Paul Ricoeur est donc très proche de ces thèses. Il salue d'ailleurs chez les narrativistes deux acquis majeurs. En premier lieu, ils font la démonstration que « raconter, c'est déjà expliquer (...) Le "l'un par l'autre" qui, selon Aristote, fait la connexion logique de l'intrigue, est désormais le point de départ obligé de toute discussion sur la narration historique 64 ». En second lieu, à la diversification et hiérarchisation des modèles explicatifs, les narrativistes ont opposé la richesse des ressources explicatives internes au récit. Cependant, et malgré ces deux avancées dans la compréhension de ce qu'est un discours historien, Paul Ricoeur ne suit pas les thèses les plus radicales des narrativistes lorsqu'elles postulent l'indistinction entre histoire et fiction. Malgré leur proximité, il subsiste une coupure épistémologique qui est fondée sur le régime de véridicité propre au contrat de l'historien par rapport au passé. Il partage sur ce point la position de Roger Chartier lorsqu'il affirme que « L'historien a pour  tâche de donner une connaissance appropriée, contrôlée, de cette "population des morts" personnages, mentalités, prix qui est son objet. Abandonner cette prétention, peut-être démesurée mais fondatrice, serait laisser le champ libre à toutes les falsifications, à tous les faussaires 65 ». Ce rappel  du contrat de vérité qui lie l'historien à son objet depuis Hérodote et Thucydide est de première importance pour s'opposer à toutes les formes de falsification et de manipulation du passé. Il n'est pas contradictoire avec le fait d'être attentif à l'histoire comme écriture, comme pratique discursive.

L'attention aux régimes de discours implique de rentrer dans cette zone d'indétermination afin de ressaisir comment se fabriquent les régimes de vérité et quel est le statut de l'erreur, le caractère incommensurable ou non des diverses assertions qui se donnent comme scientifiques. Ricoeur ne suit donc pas la tentative déconstructrice de Michel Foucault et de Paul Veyne qui s'inspire de Nietzsche et prône une simple généalogie des interprétations qui recouvrirait les faits historiques. Récusant tout à la fois la tentation positiviste et la tentation généalogique, Ricoeur leur oppose une analyse de la réalité historique qu'il place « sous le signe de la `représentance' pour souligner son double statut de réalité et de fiction : une  fonction vicaire de lieutenance 66 ». Ricoeur ne s'enferme donc pas à l'intérieur d'un discours clos  sur lui-même.
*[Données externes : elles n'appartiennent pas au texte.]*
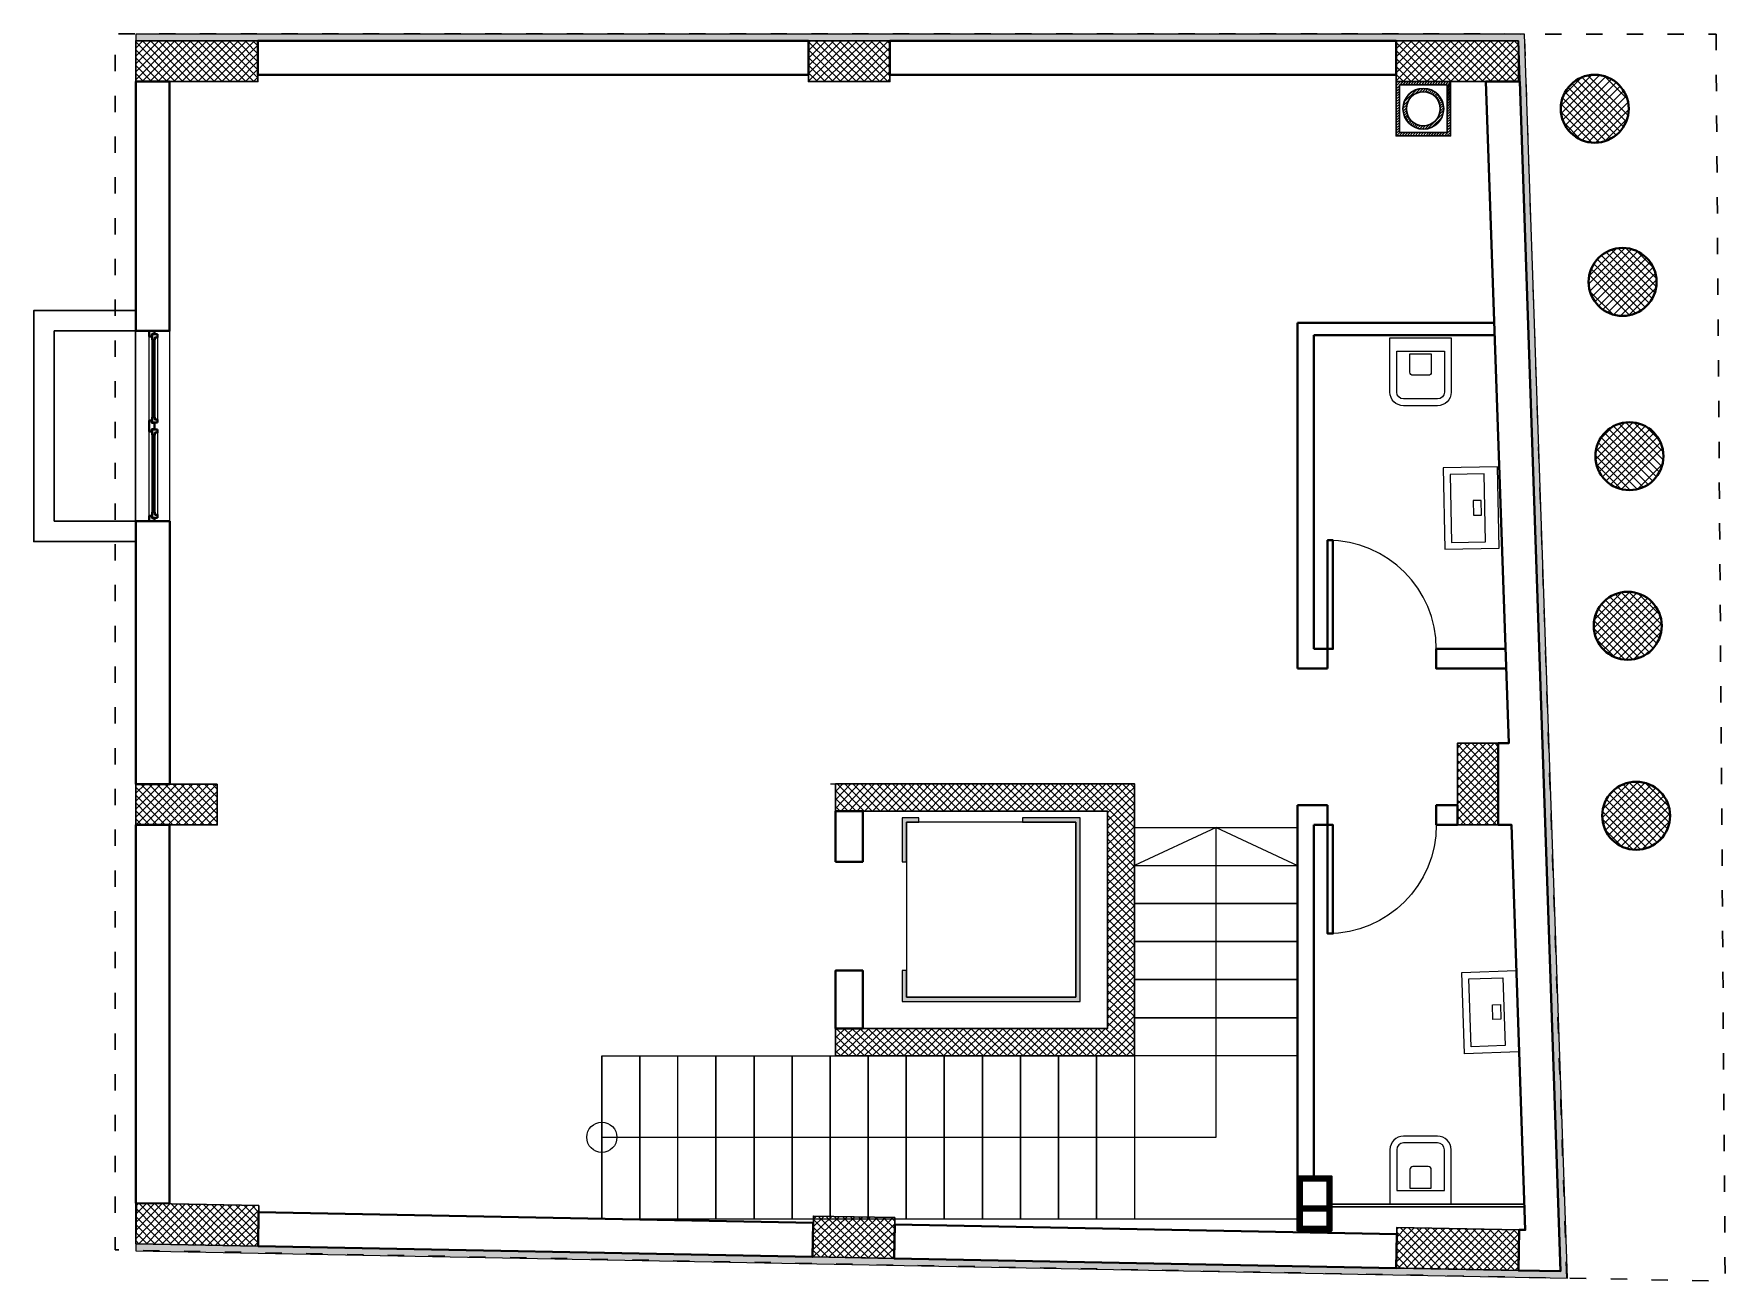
# Model space of a CAD drawing. Header units: metres. Extents: x 7512513 to 7512652, y 4692061 to 4692114.
# Drawn here: x 7512639.33 to 7512651.78, y 4692061.79 to 4692070.97 of the extents above; entities that cross this region are included whole.
import ezdxf

# ---------------------------------------------------------------- set-up
doc = ezdxf.new("R2010")
doc.units = ezdxf.units.M
doc.linetypes.add('ACAD_ISO03W100', pattern=[30, 12, -18])
for name, color, linetype, lineweight in [('0_Pen_No__1', 7, 'Continuous', 13), ('AA DIM', 251, 'Continuous', 5), ('AA MURET', 7, 'Continuous', 40), ('AA SHTYLLAT', 1, 'Continuous', 30), ('AAAA Muret', 250, 'Continuous', 40), ('Alumini', 251, 'Continuous', 40), ('betoni', 8, 'Continuous', 0), ('Dimensionet', 7, 'Continuous', 5), ('Muret', 7, 'Continuous', 40), ('Structural - Bearing_Pen_No__1', 7, 'Continuous', 13), ('Structural - Bearing_Pen_No__41', 7, 'Continuous', 25), ('XHami', 142, 'Continuous', 30)]:
    doc.layers.add(name, color=color, linetype=linetype, lineweight=lineweight)
pattern_1 = [(135, (-244766.9208745529, 428133.8312742143), (-2.916815472394509, -2.916815472394509), []), (225, (-244766.9208745529, 428133.8312742143), (2.916815472394508, -2.916815472394509), [])]
pattern_2 = [(45, (-244573.3968616643, 422160.7496063842), (-0.9722718241315029, 0.9722718241315029), [])]

# ---------------------------------------------------------------- blocks, each defined once
blk = doc.blocks.new('A$C689f42cd')
at = {"layer": 'XHami', "lineweight": 9}
for points in [[(0, 44.99996523324808), (0, -3.476675192359835e-05), (40, -3.476675192359835e-05, 0.414213562373095), (50, 9.999965233248076), (50, 34.99996523324808, 0.414213562373095), (40, 44.99996523324808)], [(10, 39.99996523324808), (10, 4.999965233248076), (40, 4.999965233248076, 0.4142135623730951), (45, 9.999965233248076), (45, 34.99996523324808, 0.4142135623730951), (40, 39.99996523324808)], [(11.80780048283486, 30.39880656804598), (11.80780048283486, 14.60112389845017), (25.34867134248634, 14.60112389845017, 0.4142135623730951), (27.60548315243068, 16.85793570839223), (27.60548315243068, 28.14199475810369, 0.4142135623730951), (25.34867134248634, 30.39880656804598)]]:
    blk.add_lwpolyline(points, format="xyb", close=True, dxfattribs=at)
blk = doc.blocks.new('A$C64b78965')
at = {"layer": 'Alumini'}
blk.add_lwpolyline([(6.503605254692957e-05, -9.82258643489331e-06), (6.503605254692957e-05, 79.99999017741357), (4.000065036052547, 79.99999017741357), (4.000065036052547, -9.82258643489331e-06)], close=True, dxfattribs=at)
at = {"layer": 'Alumini', "lineweight": 5}
blk.add_arc((6.503605254692957e-05, -9.82258643489331e-06), 80, 0, 90, dxfattribs=at)
blk = doc.blocks.new('A$C462e33df')
at = {"lineweight": 5}
h = blk.add_hatch(dxfattribs=at)
h.set_pattern_fill('ANSI31', color=256, scale=5)
h.set_pattern_definition([(45, (0, 0), (-0.4419417382415922, 0.4419417382415922), [])])
h.paths.add_polyline_path([(22, 17.92810057674069), (3, 17.92810057674069), (3, 37), (22, 37)], flags=16)
h.paths.add_polyline_path([(3, 14.92810057674069), (22, 14.92810057674069), (22, 3), (3, 3)], flags=16)
h.paths.add_polyline_path([(0, 0), (0, 40), (25, 40), (25, 0)])
at = {"layer": 'AA MURET'}
for points in [[(0, 0), (0, 40), (25, 40), (25, 0)], [(22, 17.92810057674069), (3, 17.92810057674069), (3, 37), (22, 37)], [(3, 14.92810057674069), (22, 14.92810057674069), (22, 3), (3, 3)]]:
    blk.add_lwpolyline(points, close=True, dxfattribs=at)
blk = doc.blocks.new('A$Cd8f2142d')
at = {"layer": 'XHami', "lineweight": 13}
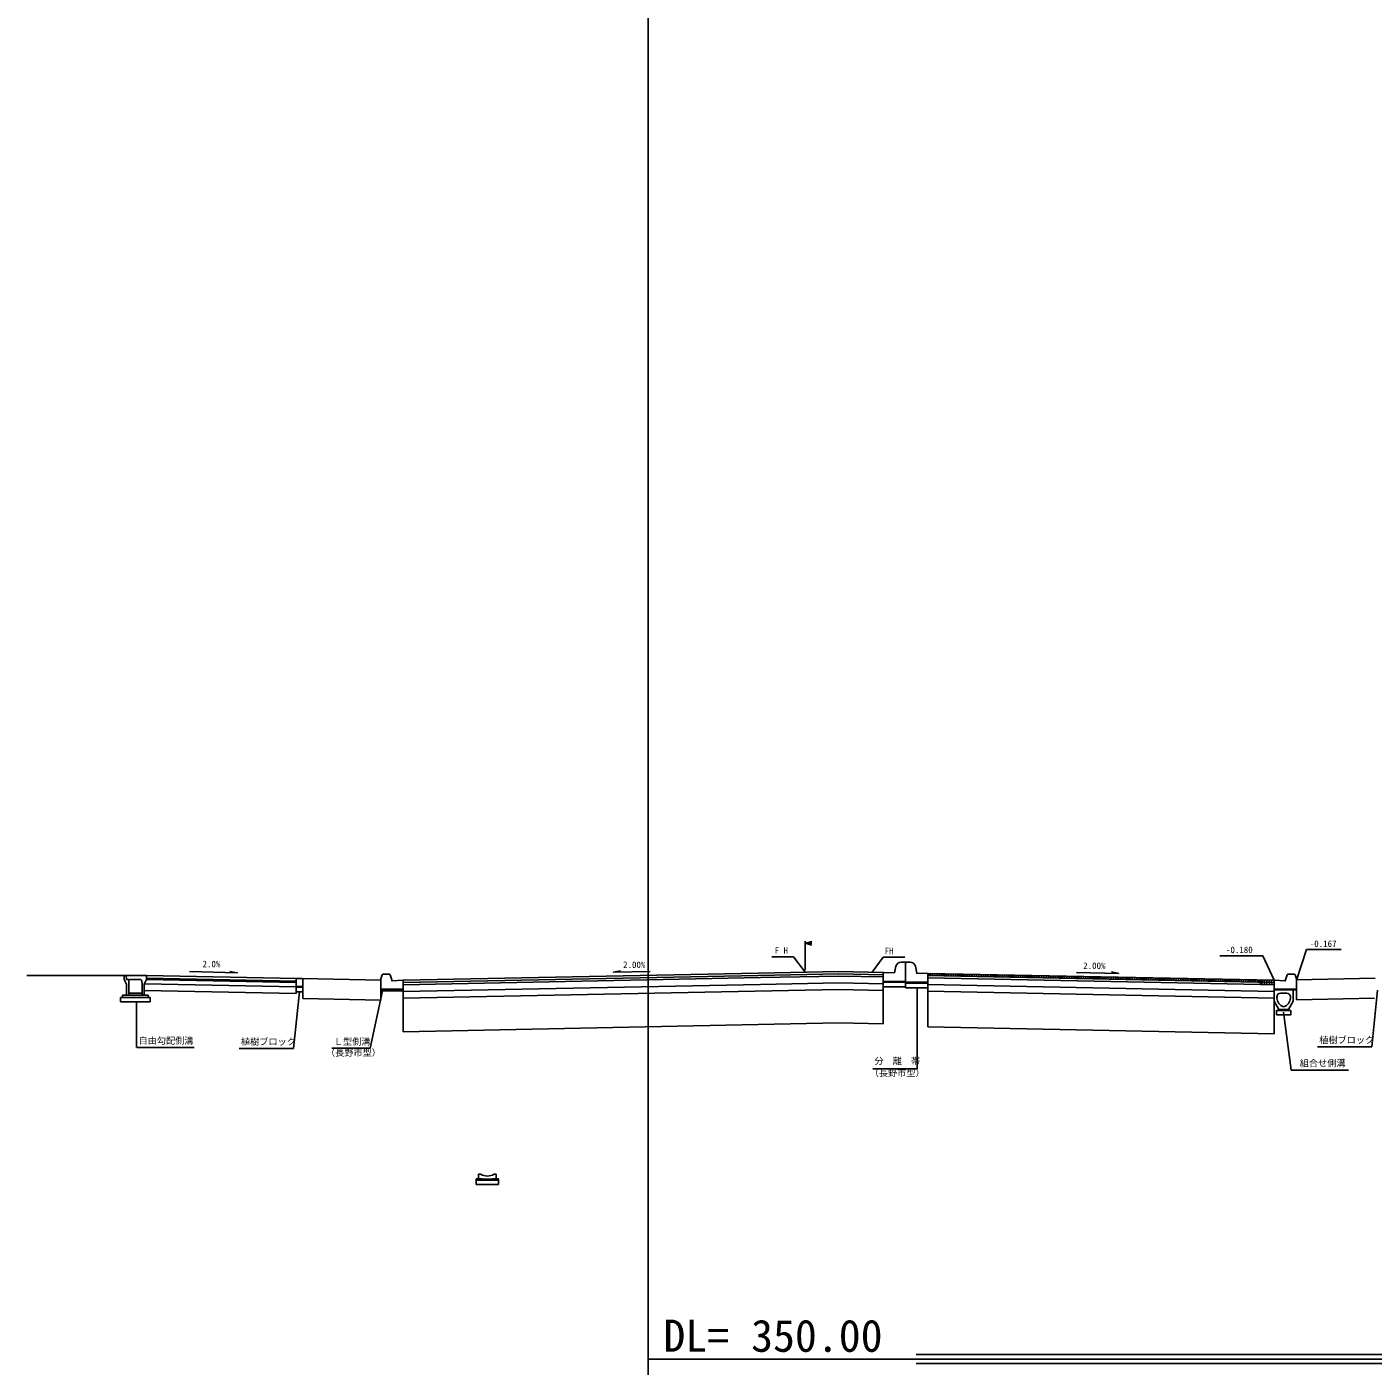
# Model space of a CAD drawing. Units: millimetres on the paper. Extents: x -84 to 7, y -133 to 191.
# Drawn here: x -83.77 to -68.7, y -44.26 to -29.26 of the extents above; entities that cross this region are included whole.
import ezdxf
from ezdxf.enums import TextEntityAlignment as Align

# ---------------------------------------------------------------- set-up
doc = ezdxf.new("R2010")
doc.units = ezdxf.units.MM
doc.header["$LTSCALE"] = 0.14
for name, color, linetype in [('0-1_D-BDG-3-DL-2', 7, 'Continuous'), ('0-2_D-TTL-FRAM_枠', 7, 'Continuous'), ('0-3_D-STR-2-文字', 7, 'Continuous'), ('0-5_D-BDG-2-DL-1', 7, 'Continuous'), ('0-7_D-STR-1-計線1', 7, 'Continuous'), ('0-9_D-BDG-1-現況', 7, 'Continuous')]:
    doc.layers.add(name, color=color, linetype=linetype)
doc.styles.add('ＭＳ ゴシック', font='')
doc.styles.get('ＭＳ ゴシック').set_extended_font_data('MS Gothic')

msp = doc.modelspace()

# ---------------------------------------------------------------- linework, layer by layer
at = {"layer": '0-1_D-BDG-3-DL-2'}
for p, q in [((-73.8141, -44.1307), (3.4526, -44.1307)), ((-73.8141, -44.2307), (3.4526, -44.2307))]:
    msp.add_line(p, q, dxfattribs=at)
at = {"layer": '0-2_D-TTL-FRAM_枠'}
msp.add_lwpolyline([(-76.8141, -2.9807), (3.4526, -2.9807), (3.4526, -59.1807), (-76.8141, -59.1807)], close=True, dxfattribs=at)
at = {"layer": '0-5_D-BDG-2-DL-1'}
msp.add_line((-76.8141, -44.1807), (3.4526, -44.1807), dxfattribs=at)
at = {"layer": '0-7_D-STR-1-計線1'}
for p, q in [((-78.739, -42.1616), (-78.674, -42.1616)), ((-78.739, -42.1616), (-78.739, -42.2266)), ((-78.739, -42.1766), (-78.489, -42.1766)), ((-78.689, -42.1116), (-78.714, -42.1116)), ((-78.714, -42.1116), (-78.714, -42.1616)), ((-78.669, -42.1666), (-78.559, -42.1666)), ((-78.559, -42.1666), (-78.554, -42.1616)), ((-78.554, -42.1616), (-78.489, -42.1616)), ((-78.514, -42.1116), (-78.539, -42.1116)), ((-78.514, -42.1616), (-78.514, -42.1116)), ((-78.489, -42.1616), (-78.489, -42.2266)), ((-78.739, -42.2266), (-78.489, -42.2266))]:
    msp.add_line(p, q, dxfattribs=at)
msp.add_lwpolyline([(-78.714, -42.1616), (-78.674, -42.1616), (-78.669, -42.1666)], dxfattribs=at)
msp.add_arc((-78.614, -41.981), 0.1506, 240.13717, 299.86283, dxfattribs=at)
at = {"layer": '0-9_D-BDG-1-現況'}
for p, q in [((-75.0556, -39.8248), (-75.0556, -39.4996)), ((-75.0556, -39.5246), (-74.9806, -39.5246)), ((-75.4272, -39.675), (-75.1849, -39.675)), ((-75.0556, -39.8498), (-75.1849, -39.675)), ((-74.3056, -39.8498), (-74.1839, -39.6797)), ((-73.9416, -39.6797), (-74.1839, -39.6797)), ((-74.0556, -39.8548), (-74.0398, -39.7797)), ((-73.9306, -39.7373), (-73.9806, -39.7373)), ((-73.9306, -39.7373), (-73.9306, -39.9723)), ((-73.9306, -39.7373), (-73.8806, -39.7373)), ((-73.9306, -39.7373), (-73.9306, -39.9723)), ((-83.7699, -39.8846), (-82.6806, -39.8846)), ((-82.6806, -39.8846), (-82.4306, -39.8846)), ((-82.6306, -39.9321), (-82.6273, -39.9414)), ((-82.6306, -39.9921), (-82.6281, -39.9421)), ((-82.6281, -39.9421), (-82.6181, -39.9321)), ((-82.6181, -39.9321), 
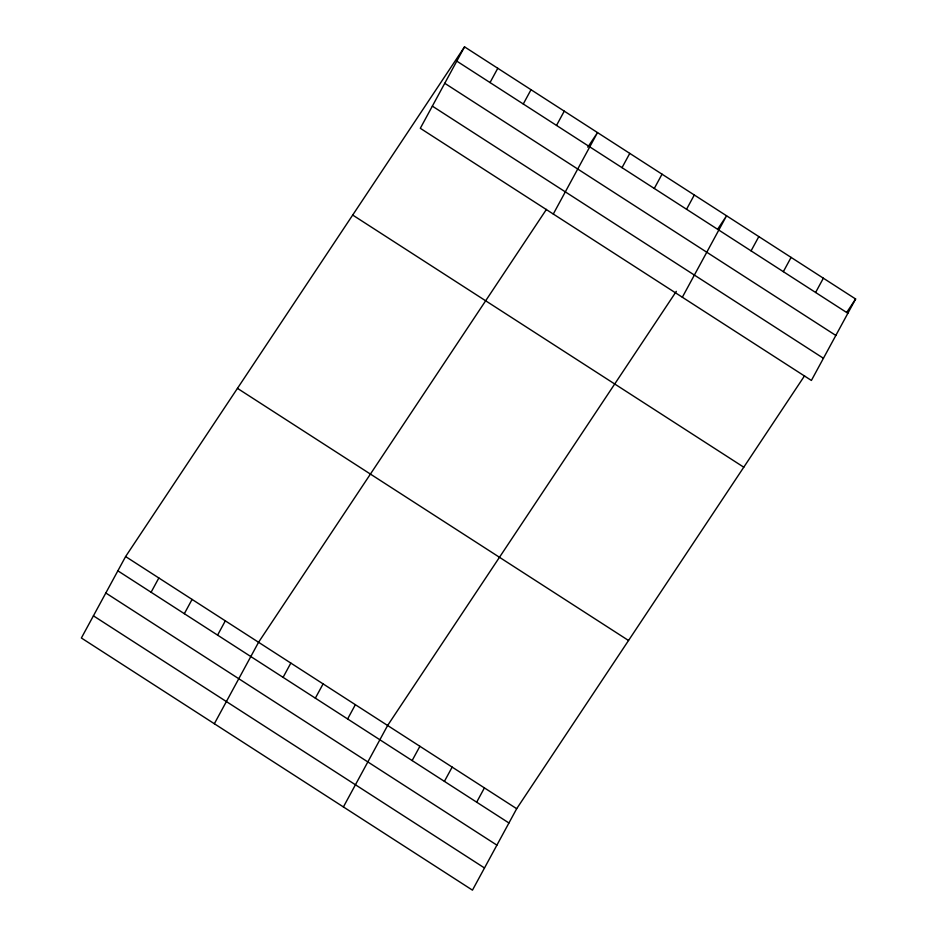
<?xml version="1.0" encoding="UTF-8"?>
<svg xmlns="http://www.w3.org/2000/svg" width="937" height="937" viewBox="0 0 937 937"><rect width="100%" height="100%" fill="white"/><g stroke="black" fill="none" stroke-linecap="round" stroke-linejoin="round"><path stroke-width="1.41" d="M464.541 46.85L420.315 128.299L811.395 380.445L855.622 298.997L464.541 46.85L125.605 556.555L81.378 638.003L472.459 890.15L516.685 808.701L804.567 375.784M151.091 592.254L158.845 577.977M184.331 613.688L192.085 599.411M490.028 82.561L497.781 68.284M217.583 635.122L225.325 620.844M523.268 103.995L531.021 89.718M214.35 723.727L258.565 642.278L546.447 209.373M556.519 125.417L564.261 111.152M283.079 677.357L290.833 663.08M553.287 214.034L597.513 132.585L587.78 147.203M315.347 698.159L323.101 683.881M622.016 167.653L629.769 153.387M347.615 718.96L355.369 704.683M654.284 188.466L662.037 174.188M343.399 806.944L387.625 725.484L676.315 291.36M686.552 209.267L694.305 194.99M412.139 760.563L419.893 746.297M682.335 297.24L726.562 215.791L717.648 229.202M444.407 781.364L452.161 767.098M751.076 250.87L758.829 236.592M476.675 802.166L484.417 787.9M783.344 271.671L791.097 257.394M815.612 292.473L823.354 278.195M846.708 312.408L855.622 298.997M456.787 61.128L847.868 313.274M444.747 83.288L835.839 335.446M432.355 106.139L823.436 358.285M352.687 215.053L743.779 467.2M237.448 388.351L628.54 640.498M125.605 556.555L516.685 808.701M117.851 570.82L508.932 822.979M105.811 592.992L496.903 845.139M93.419 615.832L484.499 867.978"/></g></svg>

A la formule provocatrice de Roland Barthes selon laquelle « le fait n'a jamais qu'une existence linguistique », il oppose ce qu'il qualifie « quadrilatère du discours » : le locuteur qui prend en compte la parole singulière comme événement ; l'interlocuteur qui renvoie au caractère dialogique du discours ; le sens qui est le thème du discours, et enfin la référence qui renvoie à ce dont on parle, à une  extériorité du discours.

 

II-2 : Une herméneutique de l’autre.

 

Comme Paul Ricoeur, Michel de Certeau a réalisé la traversée structuraliste de l’intérieur en s’appropriant ce qu’il y avait de meilleur dans ce moment, mais sans partager les illusions scientistes des figures les plus en vue de l’épopée structurale. Il s’est inspiré de la méthodologie structuraliste dans son approche des textes, mais il a aussi repéré un objectivisme inconscient du structuralisme qu’il a toujours récusé, rejoignant sur ce point encore l’écart pris par Ricoeur dans son dialogue avec Claude Lévi-Strauss : « N’y aurait-il pas un positivisme caché qui identifierait les objets culturels et leur organisation avec le sens ultime de l’expérience humaine ? Si oui, le structuralisme ne serait, comme le dit Ricoeur, qu’un culturalisme 67. » Il ajoute que le problème du sens est le non-dit, le silence même du structuralisme, ce qui n’invalide pas la méthode elle-même, mais à condition d’en respecter les limites et donc de récuser les dérives d’un projet devenu hyperbolique.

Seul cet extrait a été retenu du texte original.